Prosecutors often offer generous plea bargains in weak cases. Again, psychological, professional, and political considerations fuel the prosecutor’s decision to extend such a bargain. Prosecutors may view case weakness equating to bad luck, not the potential innocence of the criminal defendant. Professionally, they are still motivated by the incentive to increase their conviction rate. They also are interested in moving on to the next case as quickly as possible; a plea bargain can sometimes speed things up. Political considerations include the fact that sometimes prosecutors would rather settle the case beforehand instead of it blowing up in court.

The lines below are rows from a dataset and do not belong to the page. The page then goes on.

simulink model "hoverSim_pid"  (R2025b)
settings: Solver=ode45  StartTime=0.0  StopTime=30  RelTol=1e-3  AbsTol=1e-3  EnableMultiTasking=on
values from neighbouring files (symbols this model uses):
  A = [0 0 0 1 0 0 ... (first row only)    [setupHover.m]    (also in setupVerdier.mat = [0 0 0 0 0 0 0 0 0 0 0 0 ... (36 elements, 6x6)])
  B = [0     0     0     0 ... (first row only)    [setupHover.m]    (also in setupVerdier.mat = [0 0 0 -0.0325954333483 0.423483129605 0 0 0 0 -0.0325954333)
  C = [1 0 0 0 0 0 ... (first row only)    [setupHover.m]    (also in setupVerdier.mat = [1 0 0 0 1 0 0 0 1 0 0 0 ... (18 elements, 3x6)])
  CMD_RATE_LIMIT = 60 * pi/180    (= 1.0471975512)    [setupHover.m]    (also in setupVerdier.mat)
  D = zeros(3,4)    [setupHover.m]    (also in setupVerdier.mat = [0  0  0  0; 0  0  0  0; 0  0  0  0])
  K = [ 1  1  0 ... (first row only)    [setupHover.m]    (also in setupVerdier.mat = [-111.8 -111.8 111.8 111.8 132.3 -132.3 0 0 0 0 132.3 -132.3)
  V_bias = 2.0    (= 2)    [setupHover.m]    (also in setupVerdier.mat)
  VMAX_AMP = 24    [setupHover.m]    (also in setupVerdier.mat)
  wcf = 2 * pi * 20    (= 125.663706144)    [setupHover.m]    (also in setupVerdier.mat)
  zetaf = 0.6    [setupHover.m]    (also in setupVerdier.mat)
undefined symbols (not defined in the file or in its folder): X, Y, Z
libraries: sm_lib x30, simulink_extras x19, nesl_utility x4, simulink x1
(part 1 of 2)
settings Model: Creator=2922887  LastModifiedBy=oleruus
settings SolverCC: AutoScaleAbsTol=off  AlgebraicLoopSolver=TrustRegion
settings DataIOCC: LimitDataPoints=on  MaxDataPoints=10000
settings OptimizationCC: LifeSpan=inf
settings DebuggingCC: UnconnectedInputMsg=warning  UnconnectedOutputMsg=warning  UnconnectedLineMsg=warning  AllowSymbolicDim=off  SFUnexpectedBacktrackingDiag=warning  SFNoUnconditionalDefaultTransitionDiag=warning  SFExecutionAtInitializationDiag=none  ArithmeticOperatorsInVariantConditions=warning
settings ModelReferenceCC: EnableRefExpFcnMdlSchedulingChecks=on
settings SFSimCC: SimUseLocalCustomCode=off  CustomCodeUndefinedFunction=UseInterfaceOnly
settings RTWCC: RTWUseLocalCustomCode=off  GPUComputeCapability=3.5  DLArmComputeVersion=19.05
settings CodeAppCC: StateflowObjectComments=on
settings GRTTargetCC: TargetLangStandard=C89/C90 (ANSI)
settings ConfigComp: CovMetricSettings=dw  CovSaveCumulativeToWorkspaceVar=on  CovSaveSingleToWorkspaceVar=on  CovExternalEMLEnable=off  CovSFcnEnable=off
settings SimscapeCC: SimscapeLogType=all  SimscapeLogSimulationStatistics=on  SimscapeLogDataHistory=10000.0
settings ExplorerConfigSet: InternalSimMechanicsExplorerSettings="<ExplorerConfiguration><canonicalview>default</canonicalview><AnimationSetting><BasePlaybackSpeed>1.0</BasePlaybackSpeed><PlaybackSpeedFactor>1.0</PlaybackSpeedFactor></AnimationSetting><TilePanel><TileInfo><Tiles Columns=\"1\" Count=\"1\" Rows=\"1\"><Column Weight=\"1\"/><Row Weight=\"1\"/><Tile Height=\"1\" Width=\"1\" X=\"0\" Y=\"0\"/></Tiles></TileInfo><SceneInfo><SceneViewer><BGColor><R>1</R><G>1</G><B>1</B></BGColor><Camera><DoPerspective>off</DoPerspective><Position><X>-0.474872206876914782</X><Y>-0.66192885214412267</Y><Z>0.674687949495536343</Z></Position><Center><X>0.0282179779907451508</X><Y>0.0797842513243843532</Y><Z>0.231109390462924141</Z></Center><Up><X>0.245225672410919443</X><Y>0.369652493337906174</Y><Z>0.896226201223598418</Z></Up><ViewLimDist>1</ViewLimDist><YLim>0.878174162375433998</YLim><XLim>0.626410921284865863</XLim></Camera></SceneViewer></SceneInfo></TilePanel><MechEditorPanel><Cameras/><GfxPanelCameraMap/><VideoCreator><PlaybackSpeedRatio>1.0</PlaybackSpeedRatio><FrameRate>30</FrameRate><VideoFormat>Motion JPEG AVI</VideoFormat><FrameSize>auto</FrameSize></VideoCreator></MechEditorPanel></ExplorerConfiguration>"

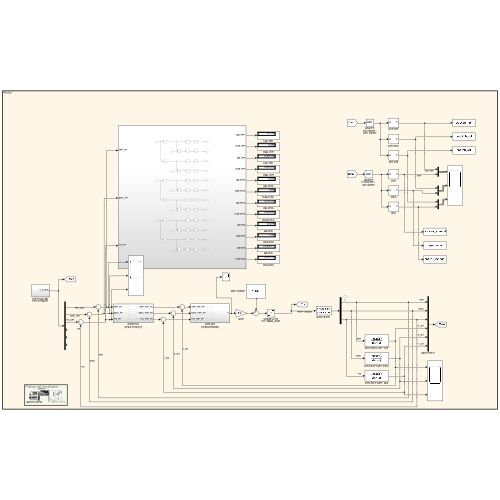
[thumbnail: Simulink's stored preview of the top-level diagram]
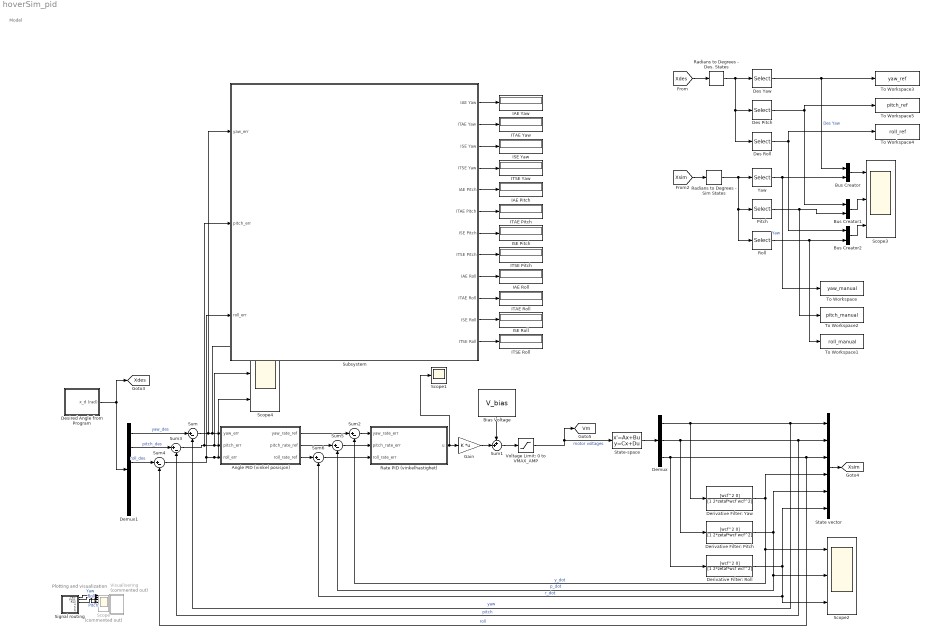
== system hoverSim_pid ==
  note: Plotting and visualization
  note: Model
  Angle PID (vinkel posisjon) : Subsystem
  Bias Voltage : Constant  Value=V_bias
  Bus Creator : BusCreator  Inputs=2
  Bus Creator1 : BusCreator  Inputs=2
  Bus Creator2 : BusCreator  Inputs=2
  Demux : Demux  Outputs=3
  Demux1 : Demux  Outputs=6
  Derivative Filter: Pitch : TransferFcn  Numerator=[wcf^2 0]  Denominator=[1 2*zetaf*wcf wcf^2]
  Derivative Filter: Roll : TransferFcn  Numerator=[wcf^2 0]  Denominator=[1 2*zetaf*wcf wcf^2]
  Derivative Filter: Yaw : TransferFcn  Numerator=[wcf^2 0]  Denominator=[1 2*zetaf*wcf wcf^2]
  Des Pitch : Selector  InputPortWidth=6  IndexOptions=Index vector (dialog)  Indices=2  OutputSizes=1
  Des Roll : Selector  InputPortWidth=6  IndexOptions=Index vector (dialog)  Indices=3  OutputSizes=1
  Des Yaw : Selector  InputPortWidth=6  IndexOptions=Index vector (dialog)  Indices=1  OutputSizes=1
  Desired Angle from Program : Subsystem
  Gain : Gain  Gain=K  Multiplication=Matrix(K*u)
  IAE Pitch : Display
  IAE Roll : Display
  IAE Yaw : Display
  ISE Pitch : Display
  ISE Roll : Display
  ISE Yaw : Display
  ITAE Pitch : Display
  ITAE Roll : Display
  ITAE Yaw : Display
  ITSE Pitch : Display
  ITSE Roll : Display
  ITSE Yaw : Display
  Pitch : Selector  InputPortWidth=6  IndexOptions=Index vector (dialog)  Indices=2  OutputSizes=1
  Radians to Degrees - Des. States : simulink_extras/Transformations/Radians to Degrees
  Radians to Degrees - Sim States : simulink_extras/Transformations/Radians to Degrees
  Rate PID (vinkelhastighet) : Subsystem
  Roll : Selector  InputPortWidth=6  IndexOptions=Index vector (dialog)  Indices=3  OutputSizes=1
  Scope : Scope  Commented=on  NumInputPorts=8
      settings: TimeSpan=30  Title=Yaw angle  ActiveDisplayYMinimum=-0.13556328685878161  ActiveDisplayYMaximum=1.2200695817290348  YLabel=deg  DataLoggingMaxPoints=10000  DataLoggingVariableName=simulationOutput
  Scope1 : Scope
      settings: ActiveDisplayYMinimum=-981.01331682218438  ActiveDisplayYMaximum=1141.4224649805096
  Scope2 : Scope  NumInputPorts=3
      settings: ActiveDisplayYMinimum=-0.50081800652745567  ActiveDisplayYMaximum=0.50362688913760034
  Scope3 : Scope  NumInputPorts=3
      settings: ActiveDisplayString=3  Title=Roll  ActiveDisplayYMinimum=-0.12798954340312932  ActiveDisplayYMaximum=1.1519058906281641  YLabel=Deg  DataLoggingVariableName=ScopeData2
  Scope4 : Scope  NumInputPorts=3
      settings: ActiveDisplayString=3  Title=Roll  ActiveDisplayYMinimum=-0.0024405494877172713  ActiveDisplayYMaximum=0.017790755348184792  YLabel=Deg  DataLoggingVariableName=ScopeData3
  Signal routing : Subsystem
  State vector : Mux  Inputs=6
  State-space : StateSpace  A=A  B=B  C=C  D=D  InitialCondition=0
  Subsystem : Subsystem
  Sum{,2..6} (6 alike) : Sum  Inputs=|+-
  Sum1 : Sum  Inputs=++|
  To Workspace : ToWorkspace  VariableName=yaw_manual  SaveFormat=Timeseries  SampleTime=-1
  To Workspace1 : ToWorkspace  VariableName=roll_manual  SaveFormat=Timeseries  SampleTime=-1
  To Workspace2 : ToWorkspace  VariableName=pitch_manual  SaveFormat=Timeseries  SampleTime=-1
  To Workspace3 : ToWorkspace  VariableName=yaw_ref  SaveFormat=Timeseries  SampleTime=-1
  To Workspace4 : ToWorkspace  VariableName=roll_ref  SaveFormat=Timeseries  SampleTime=-1
  To Workspace5 : ToWorkspace  VariableName=pitch_ref  SaveFormat=Timeseries  SampleTime=-1
  Visualisering : Subsystem  Commented=on  mask{visualization=Visualization off, PacingRate=1}
      mask prompts: PacingRate "Simulation ratio (1:x) time vs real time"
      mask TypeOptions visualization: Visualization  on | Visualization off
      mask Callback visualization:
      | if get_param(append(bdroot,'/Visualisering'),'visualization') == 'Visualization  on'
      |    set_param(bdroot,'EnablePacing','on')
      | elseif get_param(append(bdroot,'/Visualisering'),'visualization') == 'Visualization off'
      |    set_param(bdroot,'EnablePacing','off')
      | end
      mask Callback PacingRate:
      | temp_param = str2num(get_param(append(bdroot,'/Visualisering'),'PacingRate'));
      | if temp_param >= 0.003 && temp_param < 0.0078
      |     set_param(bdroot,'PacingRate','0.0039')
      |     set_param(append(bdroot,'/Visualisering'),'PacingRate','0.0039')
      | elseif temp_param >= 0.0078 && temp_param < 0.0156
      |     set_param(bdroot,'PacingRate','0.0078')
      |     set_param(append(bdroot,'/Visualisering'),'PacingRate','0.0078')
      | elseif temp_param >= 0.0156 && temp_param < 0.0313
      |     set_param(bdroot,'PacingRate','0.0156')
      |     set_param(append(bdroot,'/Visualisering'),'PacingRate','0.0156')
      | elseif temp_param >= 0.0313 && temp_param < 0.0625
      |     set_param(bdroot,'PacingRate','0.0313')
      |     set_param(append(bdroot,'/Visualisering'),'PacingRate','0.0313')
      | elseif temp_param >= 0.0625 && temp_param < 0.1250
      |     set_param(bdroot,'PacingRate','0.0625')
      |     set_param(append(bdroot,'/Visualisering'),'PacingRate','0.0625')
      | elseif temp_param >= 0.1250 && temp_param < 0.2500
      |     set_param(bdroot,'PacingRate','0.1250')
      |     set_param(append(bdroot,'/Visualisering'),'PacingRate','0.1250')
      | elseif temp_param >= 0.2500 && temp_param < 0.5000
      |     set_param(bdroot, 'PacingRate','0.2500')
      |     set_param(append(bdroot,'/Visualisering'),'PacingRate','0.2500')
      | elseif temp_param >= 0.5000 && temp_param < 1
      |     set_param(bdroot, 'PacingRate','0.5000')
      |     set_param(append(bdroot,'/Visualisering'),'PacingRate','0.5000')
      | elseif temp_param >= 1 && temp_param < 2
      |     set_param(bdroot, 'PacingRate','1')
      |     set_param(append(bdroot,'/Visualisering'),'PacingRate','1')
      | elseif temp_param >= 2 && temp_param < 4
      |     set_param(bdroot, 'PacingRate','2')
      |     set_param(append(bdroot,'/Visualisering'),'PacingRate','2')
      | elseif temp_param >= 4 && temp_param < 8
      |     set_param(bdroot, 'PacingRate','4')
      |     set_param(append(bdroot,'/Visualisering'),'PacingRate','4')
      | elseif temp_param >= 8 && temp_param < 16
      |     set_param(bdroot, 'PacingRate','8')
      |     set_param(append(bdroot,'/Visualisering'),'PacingRate','8')
      | elseif temp_param >= 16 && temp_param < 32
      |     set_param(bdroot, 'PacingRate','16')
      |     set_param(append(bdroot,'/Visualisering'),'PacingRate','16')
      | elseif temp_param >= 32 && temp_param < 64
      |     set_param(bdroot, 'PacingRate','32')
      |     set_param(append(bdroot,'/Visualisering'),'PacingRate','32')
      | elseif temp_param >= 64 && temp_param < 128
      |     set_param(bdroot, 'PacingRate','64')
      |     set_param(append(bdroot,'/Visualisering'),'PacingRate','64')
      | elseif temp_param >= 128 && temp_param < 256
      |     set_param(bdroot, 'PacingRate','128')
      |     set_param(append(bdroot,'/Visualisering'),'PacingRate','128')
      | elseif temp_param >= 256
      |     set_param(bdroot, 'PacingRate','256')
      |     set_param(append(bdroot,'/Visualisering'),'PacingRate','256')
      | end
      mask DialogControl Control2 Prompt: For a 1:1 relation between the visualization model and the plotted data, the simulation ratio in this box should match the ratio in the Mechanics Explorer.
      mask DialogControl x256x Prompt: 0.0039 = 1/256x
      mask DialogControl x128x Prompt: 0.0078 = 1/128x
      mask DialogControl x64x Prompt: 0.0156 = 1/64x
      mask DialogControl x32x Prompt: 0.0313 = 1/32x
      mask DialogControl x16x Prompt: 0.0625 = 1/16x
      mask DialogControl x8x Prompt: 0.1250 = 1/8x
      mask DialogControl x4x Prompt: 0.2500 = 1/4x
      mask DialogControl x2x Prompt: 0.5000 = 1/2x
      mask Display: image('$imagefile'); % Use "Edit Image" on toolstrip to change.
  Voltage Limit: 0 to VMAX_AMP : Saturate  UpperLimit=VMAX_AMP  LowerLimit=0  LinearizeAsGain=off
  Yaw : Selector  InputPortWidth=6  IndexOptions=Index vector (dialog)  Indices=1  OutputSizes=1
  tag scope: Vm=global, Xdes=global, Xsim=global
  wires:
  Gain/1 -> Sum1/2
  Voltage Limit: 0 to VMAX_AMP/1 -> [Vm], State-space/1  "motor voltages"
  Derivative Filter: Roll/1 -> Scope2/3, Sum6/2, State vector/6  "r_dot"
  Derivative Filter: Yaw/1 -> Sum2/2, Scope2/1, State vector/4  "y_dot"
  State-space/1 -> Demux/1
  State vector/1 -> [Xsim]
  Demux/1 -> Derivative Filter: Yaw/1, Sum/2, State vector/1  "yaw"
  Sum1/1 -> Voltage Limit: 0 to VMAX_AMP/1
  Bias Voltage/1 -> Sum1/1
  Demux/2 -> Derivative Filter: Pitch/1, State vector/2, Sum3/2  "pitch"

Professor Medwed gave two example cases. The first was the case of Chris Ochoa who was accused of the rape and murder of a woman in Austin, Texas in 1988. He was threatened with the possibility of the death penalty if he was found guilty in court, but he was offered a life sentence as a plea bargain. He took it. Twelve years later, DNA testing revealed he was innocent. He had spent twelve years in prison for awful crimes he did not commit. The prosecutors held all the cards and he did not initially know they had no evidence against him. One can see why he decided against gambling with his life in court.

The second case was that of Stephen Schulz. He was accused of armed robbery and he also happened to have a history of hiccups with the law. Because he insisted he was innocent, he refused the plea bargain of three years in prison and went to prison. He was found guilty and sentenced to eleven years. After serving eight years, he was finally released after Professor Medwed and his colleagues presented evidence that suggested he was not connected to the crime. When there is the possibility that innocent people may be found guilty and be forced to endure harsh sentences, one can imagine why they might avoid the gamble and take the seemingly easier plea bargain.

In closing, Professor Medwed offered some thoughts on reform. Plea bargains can have some real advantages, so he did not advocate abolition. The second option would be to narrow the disparity between the sentences offered in a plea bargain and after being found guilty. A third choice would be to disclose evidence before plea bargaining; the final option would be to increase judicial monitoring of pleas. Although plea bargaining can be useful and appropriate sometimes, clearly there is room for reform.